**Assignment:** When you reach the line containing "#1895 = LINE ( 'NONE', #8431, #2911 ) ;" in the data below, begin returning lines exactly as written, and stop once the line containing "#7845 = DIRECTION" has been returned.

**Material supplied:**
++++++++++++++++++++
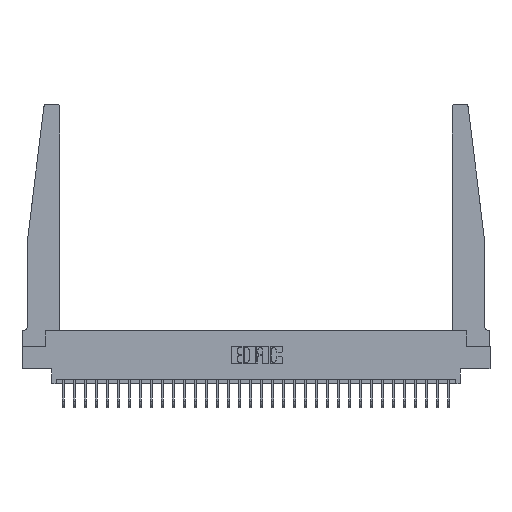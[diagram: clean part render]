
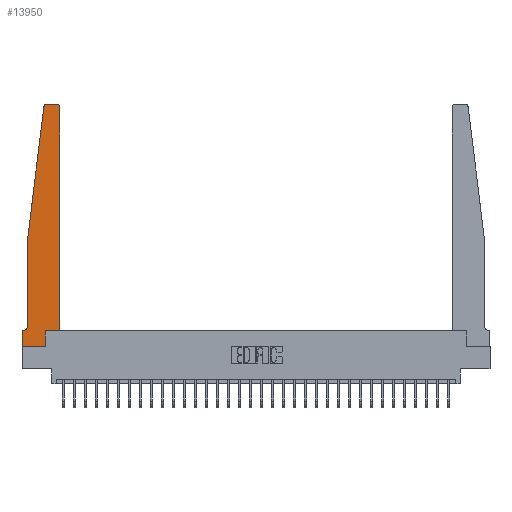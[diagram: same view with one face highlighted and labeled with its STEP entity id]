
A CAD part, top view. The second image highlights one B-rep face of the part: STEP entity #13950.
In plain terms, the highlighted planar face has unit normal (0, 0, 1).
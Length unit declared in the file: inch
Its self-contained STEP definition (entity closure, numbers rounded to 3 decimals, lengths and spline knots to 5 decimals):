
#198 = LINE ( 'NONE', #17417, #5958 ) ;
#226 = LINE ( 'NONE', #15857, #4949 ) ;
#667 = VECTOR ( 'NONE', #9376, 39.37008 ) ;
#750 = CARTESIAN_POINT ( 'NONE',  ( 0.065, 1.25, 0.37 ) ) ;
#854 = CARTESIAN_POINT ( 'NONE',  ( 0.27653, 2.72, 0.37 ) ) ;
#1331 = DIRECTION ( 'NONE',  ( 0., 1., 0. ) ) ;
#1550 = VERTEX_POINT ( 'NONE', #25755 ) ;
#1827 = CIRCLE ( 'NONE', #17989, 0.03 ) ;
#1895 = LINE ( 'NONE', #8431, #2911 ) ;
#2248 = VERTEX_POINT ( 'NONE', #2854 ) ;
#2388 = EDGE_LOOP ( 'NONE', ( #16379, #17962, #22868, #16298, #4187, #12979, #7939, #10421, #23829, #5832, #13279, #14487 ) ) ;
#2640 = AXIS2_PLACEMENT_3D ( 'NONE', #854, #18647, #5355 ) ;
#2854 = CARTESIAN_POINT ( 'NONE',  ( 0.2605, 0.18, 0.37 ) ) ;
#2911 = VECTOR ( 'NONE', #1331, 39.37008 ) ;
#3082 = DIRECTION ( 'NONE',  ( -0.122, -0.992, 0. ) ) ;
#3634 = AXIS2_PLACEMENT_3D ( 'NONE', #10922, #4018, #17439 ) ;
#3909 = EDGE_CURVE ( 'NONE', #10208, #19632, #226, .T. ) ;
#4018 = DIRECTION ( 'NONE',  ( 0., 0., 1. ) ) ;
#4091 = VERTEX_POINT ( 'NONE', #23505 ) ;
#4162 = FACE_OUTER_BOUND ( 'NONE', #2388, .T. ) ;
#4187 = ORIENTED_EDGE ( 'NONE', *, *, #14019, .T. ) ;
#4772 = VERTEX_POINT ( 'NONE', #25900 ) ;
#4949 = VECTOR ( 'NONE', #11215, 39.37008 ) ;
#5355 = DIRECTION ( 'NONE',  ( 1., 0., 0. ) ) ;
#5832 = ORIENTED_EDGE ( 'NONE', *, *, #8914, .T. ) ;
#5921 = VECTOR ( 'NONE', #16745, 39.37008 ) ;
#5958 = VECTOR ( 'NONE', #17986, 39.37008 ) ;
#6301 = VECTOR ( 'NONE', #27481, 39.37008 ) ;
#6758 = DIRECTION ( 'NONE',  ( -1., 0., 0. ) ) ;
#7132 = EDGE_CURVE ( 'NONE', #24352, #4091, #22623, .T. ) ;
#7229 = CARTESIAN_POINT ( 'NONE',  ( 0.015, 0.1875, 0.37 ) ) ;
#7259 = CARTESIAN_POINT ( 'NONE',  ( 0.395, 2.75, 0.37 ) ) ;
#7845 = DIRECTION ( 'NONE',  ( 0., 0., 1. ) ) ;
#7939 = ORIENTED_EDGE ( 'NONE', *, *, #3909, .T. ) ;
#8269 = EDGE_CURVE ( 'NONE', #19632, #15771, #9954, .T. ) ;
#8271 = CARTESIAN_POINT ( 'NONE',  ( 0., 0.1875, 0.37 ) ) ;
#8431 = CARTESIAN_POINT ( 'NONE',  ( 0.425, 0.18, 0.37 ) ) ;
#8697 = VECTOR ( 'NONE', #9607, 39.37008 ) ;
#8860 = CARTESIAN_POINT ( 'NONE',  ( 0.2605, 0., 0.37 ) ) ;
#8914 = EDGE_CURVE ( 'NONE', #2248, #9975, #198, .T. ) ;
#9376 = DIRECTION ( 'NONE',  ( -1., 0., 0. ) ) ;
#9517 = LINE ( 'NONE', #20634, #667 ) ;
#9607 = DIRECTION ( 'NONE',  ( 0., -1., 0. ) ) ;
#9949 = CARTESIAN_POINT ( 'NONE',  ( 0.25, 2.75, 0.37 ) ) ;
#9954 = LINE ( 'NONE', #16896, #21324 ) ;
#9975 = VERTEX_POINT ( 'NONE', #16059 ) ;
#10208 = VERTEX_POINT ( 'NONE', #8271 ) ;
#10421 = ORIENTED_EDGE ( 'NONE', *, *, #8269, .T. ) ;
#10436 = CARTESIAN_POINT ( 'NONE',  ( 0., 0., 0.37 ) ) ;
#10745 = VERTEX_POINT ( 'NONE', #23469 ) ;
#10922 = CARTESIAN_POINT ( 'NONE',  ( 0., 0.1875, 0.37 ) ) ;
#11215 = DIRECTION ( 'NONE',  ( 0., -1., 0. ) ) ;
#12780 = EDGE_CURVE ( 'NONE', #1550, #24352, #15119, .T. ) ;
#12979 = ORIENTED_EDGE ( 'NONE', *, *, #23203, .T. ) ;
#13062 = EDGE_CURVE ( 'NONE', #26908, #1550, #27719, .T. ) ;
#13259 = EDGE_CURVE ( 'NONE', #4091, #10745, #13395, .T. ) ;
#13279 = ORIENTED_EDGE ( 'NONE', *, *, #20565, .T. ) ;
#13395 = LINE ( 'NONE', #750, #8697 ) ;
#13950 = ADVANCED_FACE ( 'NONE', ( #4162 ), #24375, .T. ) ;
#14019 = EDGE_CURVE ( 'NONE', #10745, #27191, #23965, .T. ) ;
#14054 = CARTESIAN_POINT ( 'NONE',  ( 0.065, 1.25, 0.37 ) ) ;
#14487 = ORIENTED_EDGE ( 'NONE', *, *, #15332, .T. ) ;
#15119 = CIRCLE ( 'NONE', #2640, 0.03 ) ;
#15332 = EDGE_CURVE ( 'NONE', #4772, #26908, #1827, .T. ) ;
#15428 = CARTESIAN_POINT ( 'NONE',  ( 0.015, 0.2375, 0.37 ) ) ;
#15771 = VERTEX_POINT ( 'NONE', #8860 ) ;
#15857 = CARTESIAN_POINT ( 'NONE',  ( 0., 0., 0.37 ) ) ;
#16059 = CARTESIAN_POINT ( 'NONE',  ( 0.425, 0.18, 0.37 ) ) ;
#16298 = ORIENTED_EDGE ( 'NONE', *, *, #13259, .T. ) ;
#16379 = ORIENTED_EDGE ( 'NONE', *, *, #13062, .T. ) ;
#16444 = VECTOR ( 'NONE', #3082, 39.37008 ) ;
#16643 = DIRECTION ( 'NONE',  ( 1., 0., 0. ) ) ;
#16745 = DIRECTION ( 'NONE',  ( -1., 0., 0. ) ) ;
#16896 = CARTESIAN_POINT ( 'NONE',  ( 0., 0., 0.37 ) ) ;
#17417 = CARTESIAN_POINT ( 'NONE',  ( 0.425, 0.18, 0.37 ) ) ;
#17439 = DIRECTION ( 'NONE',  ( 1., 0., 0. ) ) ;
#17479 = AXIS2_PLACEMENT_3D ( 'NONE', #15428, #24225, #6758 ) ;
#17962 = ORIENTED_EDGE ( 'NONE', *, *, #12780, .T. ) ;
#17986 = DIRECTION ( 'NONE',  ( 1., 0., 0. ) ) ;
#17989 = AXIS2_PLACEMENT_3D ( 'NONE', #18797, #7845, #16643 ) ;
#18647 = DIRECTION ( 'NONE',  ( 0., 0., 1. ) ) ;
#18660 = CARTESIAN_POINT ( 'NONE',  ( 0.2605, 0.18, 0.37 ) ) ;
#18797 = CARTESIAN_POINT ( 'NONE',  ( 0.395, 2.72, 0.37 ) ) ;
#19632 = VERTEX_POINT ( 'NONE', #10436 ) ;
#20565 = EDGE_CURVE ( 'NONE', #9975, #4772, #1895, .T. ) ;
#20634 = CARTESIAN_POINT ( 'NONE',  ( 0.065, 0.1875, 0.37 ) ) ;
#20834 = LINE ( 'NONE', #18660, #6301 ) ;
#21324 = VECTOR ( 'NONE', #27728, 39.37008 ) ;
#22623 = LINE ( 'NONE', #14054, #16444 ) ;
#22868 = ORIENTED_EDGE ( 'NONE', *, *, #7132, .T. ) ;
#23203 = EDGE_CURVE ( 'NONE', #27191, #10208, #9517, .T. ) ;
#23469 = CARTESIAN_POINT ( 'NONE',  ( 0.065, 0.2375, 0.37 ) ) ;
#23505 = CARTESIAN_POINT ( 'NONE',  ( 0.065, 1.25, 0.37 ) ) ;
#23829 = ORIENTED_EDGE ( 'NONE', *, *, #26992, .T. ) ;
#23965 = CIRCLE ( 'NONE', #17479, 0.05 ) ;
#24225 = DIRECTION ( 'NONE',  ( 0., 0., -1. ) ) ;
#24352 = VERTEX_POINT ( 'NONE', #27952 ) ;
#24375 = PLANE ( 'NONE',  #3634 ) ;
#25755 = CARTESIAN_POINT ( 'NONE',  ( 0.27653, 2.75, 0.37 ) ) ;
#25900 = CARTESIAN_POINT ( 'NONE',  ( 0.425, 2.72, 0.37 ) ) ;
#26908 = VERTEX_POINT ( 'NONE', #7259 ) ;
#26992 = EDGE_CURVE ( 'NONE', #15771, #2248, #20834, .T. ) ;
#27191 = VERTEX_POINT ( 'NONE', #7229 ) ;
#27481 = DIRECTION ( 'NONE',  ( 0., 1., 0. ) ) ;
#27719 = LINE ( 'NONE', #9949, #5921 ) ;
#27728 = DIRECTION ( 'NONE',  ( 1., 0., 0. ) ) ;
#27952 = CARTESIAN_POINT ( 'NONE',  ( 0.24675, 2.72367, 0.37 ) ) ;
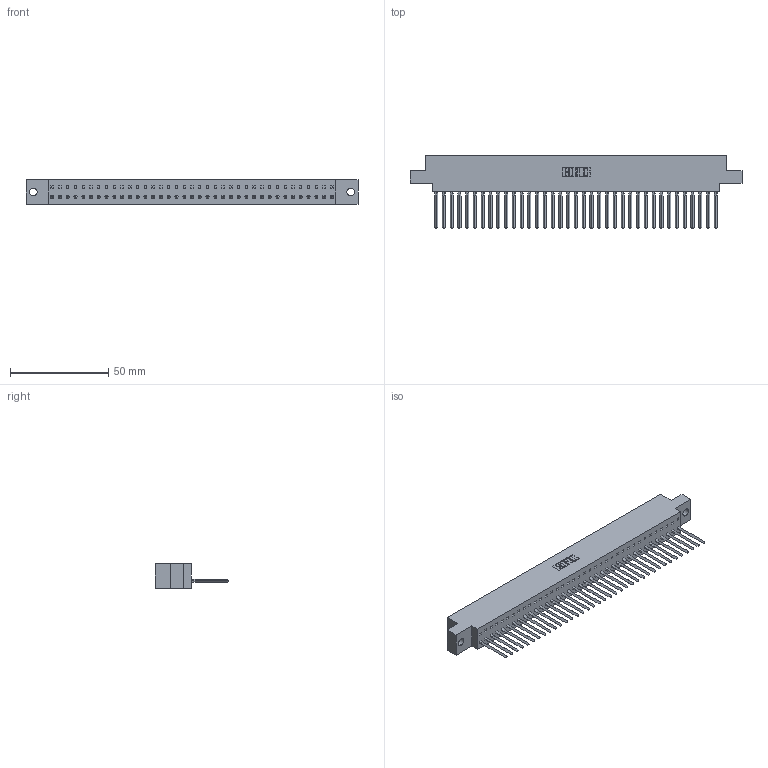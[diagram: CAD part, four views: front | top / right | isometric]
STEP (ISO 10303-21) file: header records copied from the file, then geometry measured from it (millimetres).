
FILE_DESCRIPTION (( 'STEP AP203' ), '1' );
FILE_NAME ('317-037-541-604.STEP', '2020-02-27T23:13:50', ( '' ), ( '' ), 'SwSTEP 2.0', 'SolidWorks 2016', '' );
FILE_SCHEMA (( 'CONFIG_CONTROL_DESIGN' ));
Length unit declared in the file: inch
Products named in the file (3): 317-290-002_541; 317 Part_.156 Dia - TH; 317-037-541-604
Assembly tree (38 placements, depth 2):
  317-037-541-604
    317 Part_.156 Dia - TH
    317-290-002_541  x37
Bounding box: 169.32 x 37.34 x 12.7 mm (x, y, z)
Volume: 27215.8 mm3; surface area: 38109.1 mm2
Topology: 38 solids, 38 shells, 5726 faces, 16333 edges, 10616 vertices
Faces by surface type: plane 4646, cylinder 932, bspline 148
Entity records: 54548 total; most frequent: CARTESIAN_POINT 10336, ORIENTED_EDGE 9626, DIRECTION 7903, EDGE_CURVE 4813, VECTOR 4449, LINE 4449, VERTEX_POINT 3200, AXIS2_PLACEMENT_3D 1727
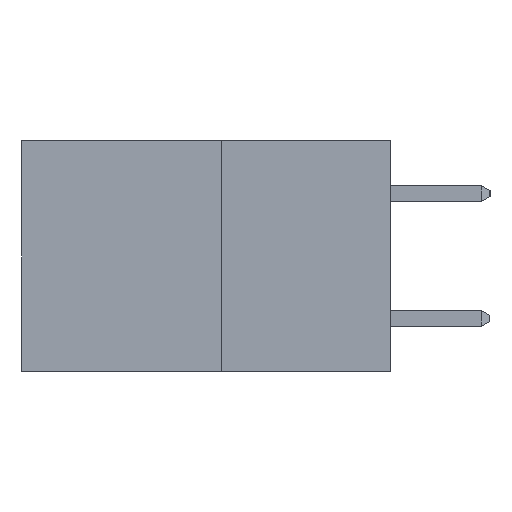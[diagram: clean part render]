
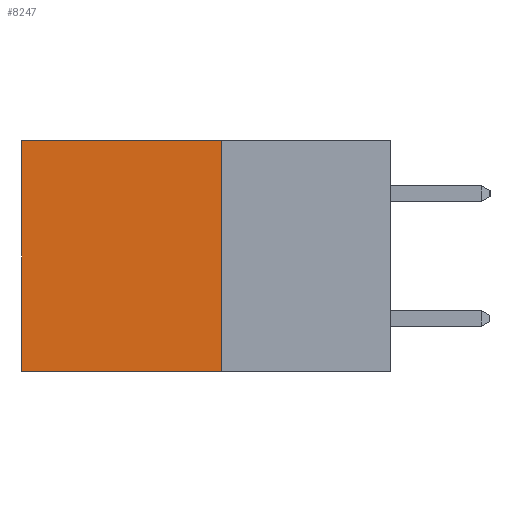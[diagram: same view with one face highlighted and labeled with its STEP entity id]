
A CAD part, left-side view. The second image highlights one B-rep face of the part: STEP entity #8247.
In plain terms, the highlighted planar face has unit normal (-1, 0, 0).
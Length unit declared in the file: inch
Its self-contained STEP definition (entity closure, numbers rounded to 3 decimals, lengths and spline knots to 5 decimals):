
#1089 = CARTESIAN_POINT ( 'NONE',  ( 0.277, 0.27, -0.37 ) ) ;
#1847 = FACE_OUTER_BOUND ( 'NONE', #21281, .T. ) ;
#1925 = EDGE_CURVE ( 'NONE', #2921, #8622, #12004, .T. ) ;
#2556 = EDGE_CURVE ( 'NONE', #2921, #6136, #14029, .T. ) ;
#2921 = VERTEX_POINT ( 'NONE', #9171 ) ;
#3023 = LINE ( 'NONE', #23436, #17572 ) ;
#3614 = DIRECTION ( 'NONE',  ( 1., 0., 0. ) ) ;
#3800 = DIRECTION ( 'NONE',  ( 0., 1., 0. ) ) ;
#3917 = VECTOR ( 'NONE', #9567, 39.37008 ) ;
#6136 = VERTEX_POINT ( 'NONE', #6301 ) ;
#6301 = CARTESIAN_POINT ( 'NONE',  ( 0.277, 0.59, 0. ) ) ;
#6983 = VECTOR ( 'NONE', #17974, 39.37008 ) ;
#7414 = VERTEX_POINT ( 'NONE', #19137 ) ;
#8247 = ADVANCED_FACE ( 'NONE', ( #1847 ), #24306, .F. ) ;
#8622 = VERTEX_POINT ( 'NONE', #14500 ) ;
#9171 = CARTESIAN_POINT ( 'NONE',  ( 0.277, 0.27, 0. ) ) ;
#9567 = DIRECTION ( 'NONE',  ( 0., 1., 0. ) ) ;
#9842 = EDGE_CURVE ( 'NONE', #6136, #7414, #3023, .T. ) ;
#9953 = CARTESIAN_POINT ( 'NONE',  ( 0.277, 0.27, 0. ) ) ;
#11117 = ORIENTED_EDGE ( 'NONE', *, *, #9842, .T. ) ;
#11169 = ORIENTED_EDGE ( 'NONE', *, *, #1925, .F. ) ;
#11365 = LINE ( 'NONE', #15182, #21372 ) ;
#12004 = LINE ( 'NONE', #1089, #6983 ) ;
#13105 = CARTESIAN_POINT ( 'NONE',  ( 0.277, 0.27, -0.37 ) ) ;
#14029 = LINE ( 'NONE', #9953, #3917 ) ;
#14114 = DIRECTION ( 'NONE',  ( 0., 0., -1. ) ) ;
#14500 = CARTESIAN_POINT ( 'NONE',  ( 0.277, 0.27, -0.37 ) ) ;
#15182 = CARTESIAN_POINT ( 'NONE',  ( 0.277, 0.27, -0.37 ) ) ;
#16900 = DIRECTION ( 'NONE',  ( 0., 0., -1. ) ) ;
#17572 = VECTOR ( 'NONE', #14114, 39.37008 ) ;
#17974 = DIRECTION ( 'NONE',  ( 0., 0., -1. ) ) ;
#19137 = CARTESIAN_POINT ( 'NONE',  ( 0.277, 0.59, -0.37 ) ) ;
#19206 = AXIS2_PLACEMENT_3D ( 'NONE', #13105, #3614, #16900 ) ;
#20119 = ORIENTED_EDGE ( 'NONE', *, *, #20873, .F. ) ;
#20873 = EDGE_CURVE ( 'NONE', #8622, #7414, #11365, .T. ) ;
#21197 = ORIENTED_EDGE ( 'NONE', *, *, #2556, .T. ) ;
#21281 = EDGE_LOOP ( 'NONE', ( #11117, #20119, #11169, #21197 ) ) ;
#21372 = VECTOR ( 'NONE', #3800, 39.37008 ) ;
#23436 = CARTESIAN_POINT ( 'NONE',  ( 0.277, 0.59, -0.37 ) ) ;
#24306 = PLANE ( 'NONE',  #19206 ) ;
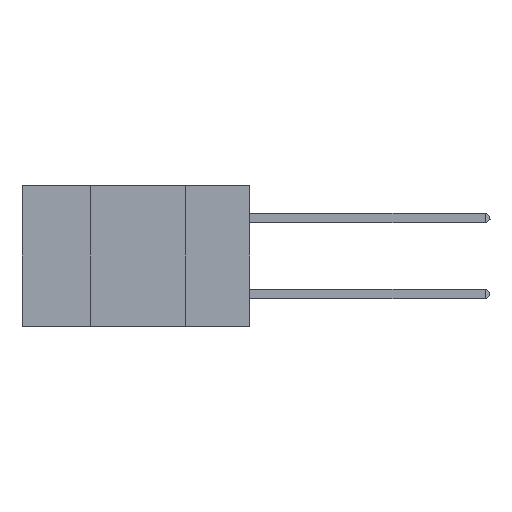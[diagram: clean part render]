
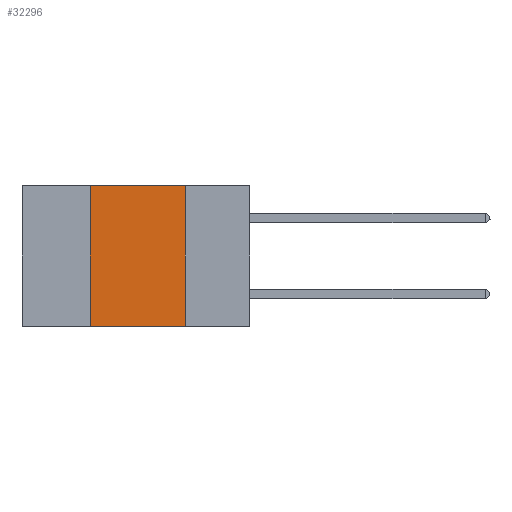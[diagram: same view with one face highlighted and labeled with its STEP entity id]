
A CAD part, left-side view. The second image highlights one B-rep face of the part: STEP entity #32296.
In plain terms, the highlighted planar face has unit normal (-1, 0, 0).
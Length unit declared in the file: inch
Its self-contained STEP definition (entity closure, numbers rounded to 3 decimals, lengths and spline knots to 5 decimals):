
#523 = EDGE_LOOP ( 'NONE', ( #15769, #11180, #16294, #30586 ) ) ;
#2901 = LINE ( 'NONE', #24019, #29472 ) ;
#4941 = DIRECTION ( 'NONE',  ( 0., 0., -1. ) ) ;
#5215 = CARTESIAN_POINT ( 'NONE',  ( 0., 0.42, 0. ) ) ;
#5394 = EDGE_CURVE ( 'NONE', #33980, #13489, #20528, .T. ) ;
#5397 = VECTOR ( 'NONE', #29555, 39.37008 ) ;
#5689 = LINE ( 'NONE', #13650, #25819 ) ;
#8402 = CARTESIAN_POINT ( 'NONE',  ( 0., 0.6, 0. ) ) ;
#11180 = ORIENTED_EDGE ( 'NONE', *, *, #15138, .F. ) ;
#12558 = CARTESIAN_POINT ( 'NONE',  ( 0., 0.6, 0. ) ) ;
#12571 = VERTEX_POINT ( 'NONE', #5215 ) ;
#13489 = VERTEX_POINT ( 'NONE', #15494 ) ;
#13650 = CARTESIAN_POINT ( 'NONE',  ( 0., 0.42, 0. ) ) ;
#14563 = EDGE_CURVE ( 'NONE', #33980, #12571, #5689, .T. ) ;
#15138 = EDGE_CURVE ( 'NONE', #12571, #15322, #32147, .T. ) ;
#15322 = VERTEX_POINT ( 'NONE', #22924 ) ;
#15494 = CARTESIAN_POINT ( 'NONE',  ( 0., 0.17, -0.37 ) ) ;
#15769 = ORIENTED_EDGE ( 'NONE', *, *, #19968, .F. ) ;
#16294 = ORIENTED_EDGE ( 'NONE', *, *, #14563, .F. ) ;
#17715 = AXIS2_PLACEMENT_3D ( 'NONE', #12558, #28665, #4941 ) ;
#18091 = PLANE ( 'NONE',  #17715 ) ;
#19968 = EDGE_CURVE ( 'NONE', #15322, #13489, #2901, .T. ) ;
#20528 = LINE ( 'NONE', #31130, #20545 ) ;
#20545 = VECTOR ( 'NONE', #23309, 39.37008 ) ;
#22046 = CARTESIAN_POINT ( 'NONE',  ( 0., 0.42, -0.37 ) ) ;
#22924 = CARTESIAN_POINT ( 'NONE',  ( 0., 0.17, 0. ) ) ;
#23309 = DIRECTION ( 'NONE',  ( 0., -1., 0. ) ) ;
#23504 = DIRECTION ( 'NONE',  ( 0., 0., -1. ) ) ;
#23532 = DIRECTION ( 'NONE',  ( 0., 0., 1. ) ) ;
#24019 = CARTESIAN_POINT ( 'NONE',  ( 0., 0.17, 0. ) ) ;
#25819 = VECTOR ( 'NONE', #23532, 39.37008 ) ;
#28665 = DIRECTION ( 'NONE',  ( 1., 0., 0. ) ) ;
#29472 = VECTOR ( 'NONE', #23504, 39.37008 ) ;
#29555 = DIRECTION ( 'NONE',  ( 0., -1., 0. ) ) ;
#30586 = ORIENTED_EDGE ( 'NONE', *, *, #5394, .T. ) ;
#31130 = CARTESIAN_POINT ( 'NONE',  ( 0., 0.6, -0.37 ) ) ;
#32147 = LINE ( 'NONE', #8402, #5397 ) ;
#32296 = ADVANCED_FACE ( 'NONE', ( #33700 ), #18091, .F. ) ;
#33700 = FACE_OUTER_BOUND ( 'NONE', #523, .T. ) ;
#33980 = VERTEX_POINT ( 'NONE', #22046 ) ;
++++++++++++++++++++
**Task response:**
#1895 = LINE ( 'NONE', #8431, #2911 ) ;
#2248 = VERTEX_POINT ( 'NONE', #2854 ) ;
#2388 = EDGE_LOOP ( 'NONE', ( #16379, #17962, #22868, #16298, #4187, #12979, #7939, #10421, #23829, #5832, #13279, #14487 ) ) ;
#2640 = AXIS2_PLACEMENT_3D ( 'NONE', #854, #18647, #5355 ) ;
#2854 = CARTESIAN_POINT ( 'NONE',  ( 0.2605, 0.18, 0.37 ) ) ;
#2911 = VECTOR ( 'NONE', #1331, 39.37008 ) ;
#3082 = DIRECTION ( 'NONE',  ( -0.122, -0.992, 0. ) ) ;
#3634 = AXIS2_PLACEMENT_3D ( 'NONE', #10922, #4018, #17439 ) ;
#3909 = EDGE_CURVE ( 'NONE', #10208, #19632, #226, .T. ) ;
#4018 = DIRECTION ( 'NONE',  ( 0., 0., 1. ) ) ;
#4091 = VERTEX_POINT ( 'NONE', #23505 ) ;
#4162 = FACE_OUTER_BOUND ( 'NONE', #2388, .T. ) ;
#4187 = ORIENTED_EDGE ( 'NONE', *, *, #14019, .T. ) ;
#4772 = VERTEX_POINT ( 'NONE', #25900 ) ;
#4949 = VECTOR ( 'NONE', #11215, 39.37008 ) ;
#5355 = DIRECTION ( 'NONE',  ( 1., 0., 0. ) ) ;
#5832 = ORIENTED_EDGE ( 'NONE', *, *, #8914, .T. ) ;
#5921 = VECTOR ( 'NONE', #16745, 39.37008 ) ;
#5958 = VECTOR ( 'NONE', #17986, 39.37008 ) ;
#6301 = VECTOR ( 'NONE', #27481, 39.37008 ) ;
#6758 = DIRECTION ( 'NONE',  ( -1., 0., 0. ) ) ;
#7132 = EDGE_CURVE ( 'NONE', #24352, #4091, #22623, .T. ) ;
#7229 = CARTESIAN_POINT ( 'NONE',  ( 0.015, 0.1875, 0.37 ) ) ;
#7259 = CARTESIAN_POINT ( 'NONE',  ( 0.395, 2.75, 0.37 ) ) ;
#7845 = DIRECTION ( 'NONE',  ( 0., 0., 1. ) ) ;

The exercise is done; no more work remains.